Vodafone España afronta una reconfiguración profunda de su infraestructura fija y móvil bajo el mando de Zegona: apagará su red de cable HFC en un plazo máximo de cuatro años y negocia la creación de una RANco, una sociedad mayorista de red móvil compartida con Orange o Telefónica.

Fin del HFC heredado de Ono

Zegona ha confirmado por primera vez que la red de cable HFC, adquirida con Ono en 2014, tiene fecha de caducidad: se apagará definitivamente en tres o cuatro años, a medida que los clientes migren a fibra óptica (FTTH). Hoy esa red mantiene 7,4 millones de accesos, pero menos de un millón de clientes activos, frente a más de 17 millones de accesos FTTH en España, lo que la convierte en una infraestructura cara e ineficiente frente a la nueva red de fibra.

La migración se hará apoyándose en la rotación natural de clientes y en la FibreCo conjunta con MasOrange, que suma más de 12 millones de unidades inmobiliarias y permitirá llevar a los usuarios HFC a una única tecnología FTTH “future‑proof” sin un apagón brusco. Zegona ya ha dejado de invertir en HFC y orienta el capex al uso de esta red compartida de fibra y a mejorar la rentabilidad del negocio fijo.

Hacia una RANco con Orange o Telefónica

En paralelo, Eamonn O’Hare ha puesto sobre la mesa, en una entrevista con Expansión, la creación de una RANco: una sociedad mayorista que agrupe la red móvil de Vodafone con la de Orange o Telefónica, replicando el modelo de las fibercos en fijo. El argumento es claro: hoy hay tres redes móviles nacionales con costes fijos similares, pero Vodafone tiene aproximadamente la mitad de clientes que Orange o Telefónica, lo que hace su red menos eficiente desde el punto de vista económico.

Las conversaciones llevan en marcha desde el año pasado, pero Zegona decidió priorizar primero el cierre de las operaciones de fibra; con las fibercos ya activas, el foco pasa ahora al proyecto de RANco. Con MasOrange, la integración sería más sencilla al existir ya acuerdos de compartición en zonas, aunque las sinergias adicionales serían más limitadas; con Telefónica habría más sinergias, pero incorporar un inversor financiero sería más complejo.

Hoja de ruta: caja, IPO y consolidación

La estrategia a 3–4 años de Zegona pasa por no vender Vodafone España a corto plazo, mejorar la rentabilidad y el flujo de caja —con un objetivo cercano a 800 millones de euros este ejercicio— y preparar el terreno para una posible salida a bolsa en España en ese mismo horizonte temporal.
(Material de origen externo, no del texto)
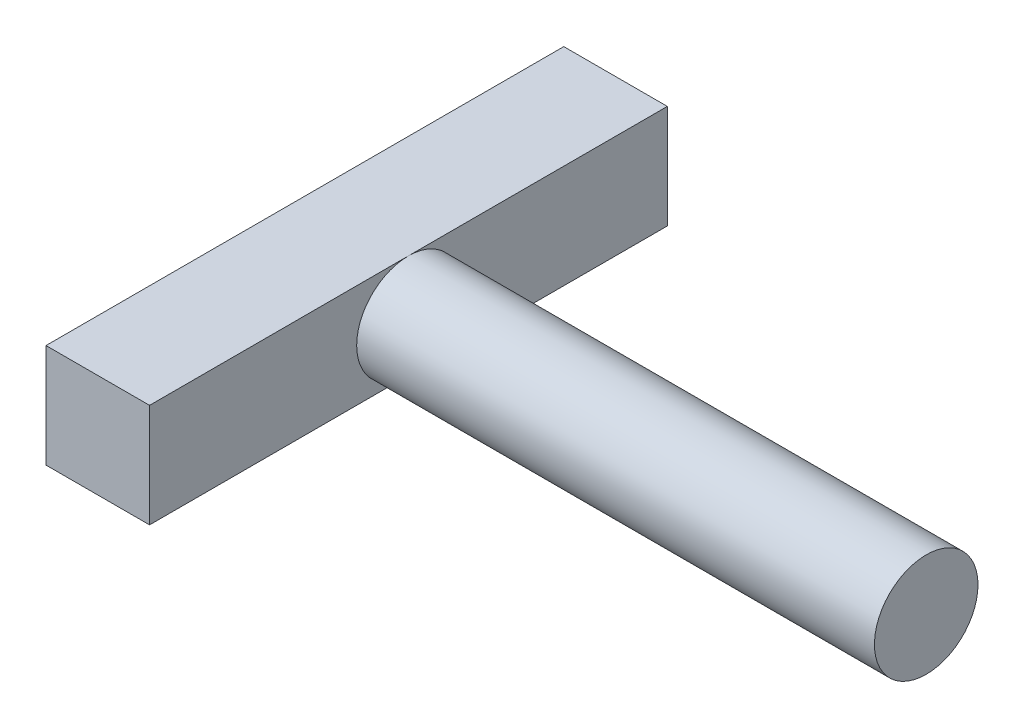
from build123d import *

# Parameters (mm, degrees)
SKETCH1_W           = 25.4
SKETCH1_H           = 25.4
BOSS_EXTRUDE1_DEPTH = 127
SKETCH2_R           = 12.7
BOSS_EXTRUDE2_DEPTH = 127


with BuildPart() as part:
    # Sketch1 → Boss-Extrude1 (new body)
    with BuildSketch(Plane.XY):
        Rectangle(SKETCH1_W, SKETCH1_H)
    extrude(amount=BOSS_EXTRUDE1_DEPTH)

    # Sketch2 → Boss-Extrude2 (add)
    with BuildSketch(Plane(origin=(12.7, 0, 0), x_dir=(0, 0, -1), z_dir=(1, 0, 0))):
        with Locations(Location((-63.5, 0, 0), (0, 0, 270))):
            Circle(SKETCH2_R)
    extrude(amount=BOSS_EXTRUDE2_DEPTH)


solid = part.part
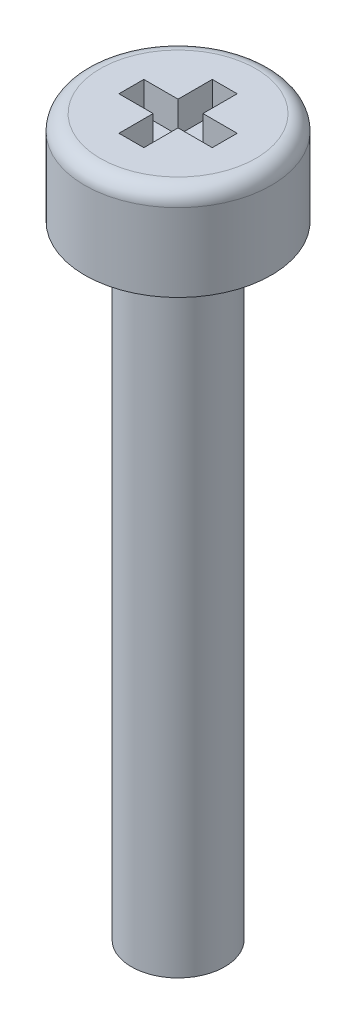
from build123d import *

# Parameters (mm, degrees)
SKETCH1_R           = 3
BOSS_EXTRUDE1_DEPTH = 3
SKETCH2_R           = 1.5
BOSS_EXTRUDE2_DEPTH = 20
FILLET1_R           = 0.5
SKETCH3_W           = 0.8
SKETCH3_H           = 1.1
SKETCH3_W_2         = 1.1
SKETCH3_H_2         = 0.8
CUT_EXTRUDE1_DEPTH  = 1


with BuildPart() as part:
    # Sketch1 → Boss-Extrude1 (new body)
    with BuildSketch(Plane(origin=(0, 0, 0), x_dir=(1, 0, 0), z_dir=(0, 1, 0))):
        with Locations(Location((0, 0, 0), (0, 0, 270))):
            Circle(SKETCH1_R)
    extrude(amount=BOSS_EXTRUDE1_DEPTH)

    # Sketch2 → Boss-Extrude2 (add)
    with BuildSketch(Plane.XZ):
        with Locations(Location((0, 0, 0), (0, 0, 270))):
            Circle(SKETCH2_R)
    extrude(amount=BOSS_EXTRUDE2_DEPTH)

    # Fillet1
    fillet1_edges = [part.edges().sort_by_distance(p)[0] for p in [
        (0, 3, -3),
    ]]
    fillet(fillet1_edges, radius=FILLET1_R)

    # Sketch3 → Cut-Extrude1 (cut)
    with BuildSketch(Plane(origin=(0, 3, 0), x_dir=(1, 0, 0), z_dir=(0, 1, 0))):
        with Locations((0, 0.95)):
            Rectangle(SKETCH3_W, SKETCH3_H)
        with Locations((0.95, 0)):
            Rectangle(SKETCH3_W_2, SKETCH3_H_2)
        with Locations((0, -0.95)):
            Rectangle(SKETCH3_W, SKETCH3_H)
        with Locations((-0.95, 0)):
            Rectangle(SKETCH3_W_2, SKETCH3_H_2)
        Rectangle(SKETCH3_W, SKETCH3_H_2)
    extrude(amount=-CUT_EXTRUDE1_DEPTH, mode=Mode.SUBTRACT)


solid = part.part

El grupo descarta compras de pequeños operadores locales, que considera presionados por la competencia de actores como Finetwork y Digi y, por tanto, con futuro incierto en el actual entorno de mercado.

En el capítulo de torres, Zegona también está revisando su relación con Vantage Towers: paga en torno a 150 millones de euros anuales y ya ha advertido que podría dejar de trabajar con la compañía en un plazo de dos años si no logra una reducción de tarifas del 50%. Todo ello forma parte de un plan de “puesta a dieta” de costes e infraestructuras que busca concentrar inversión en redes de nueva generación y compartir activos donde no haya escala suficiente.​

Implicaciones para la infraestructura de red

El apagado progresivo del HFC y la eventual creación de una RANco encajan en una tendencia más amplia del mercado español: consolidar pocas redes fijas y móviles de muy alta capacidad, compartidas entre varios operadores, para sostener el crecimiento de tráfico de datos y las futuras cargas de IA con estructuras de costes viables. Para Vodafone, la combinación de FibreCo en fijo y RANco en móvil supone pasar de ser propietario de redes redundantes a copropietario de infraestructuras más eficientes y densas, liberando recursos para competir en servicios y cliente final.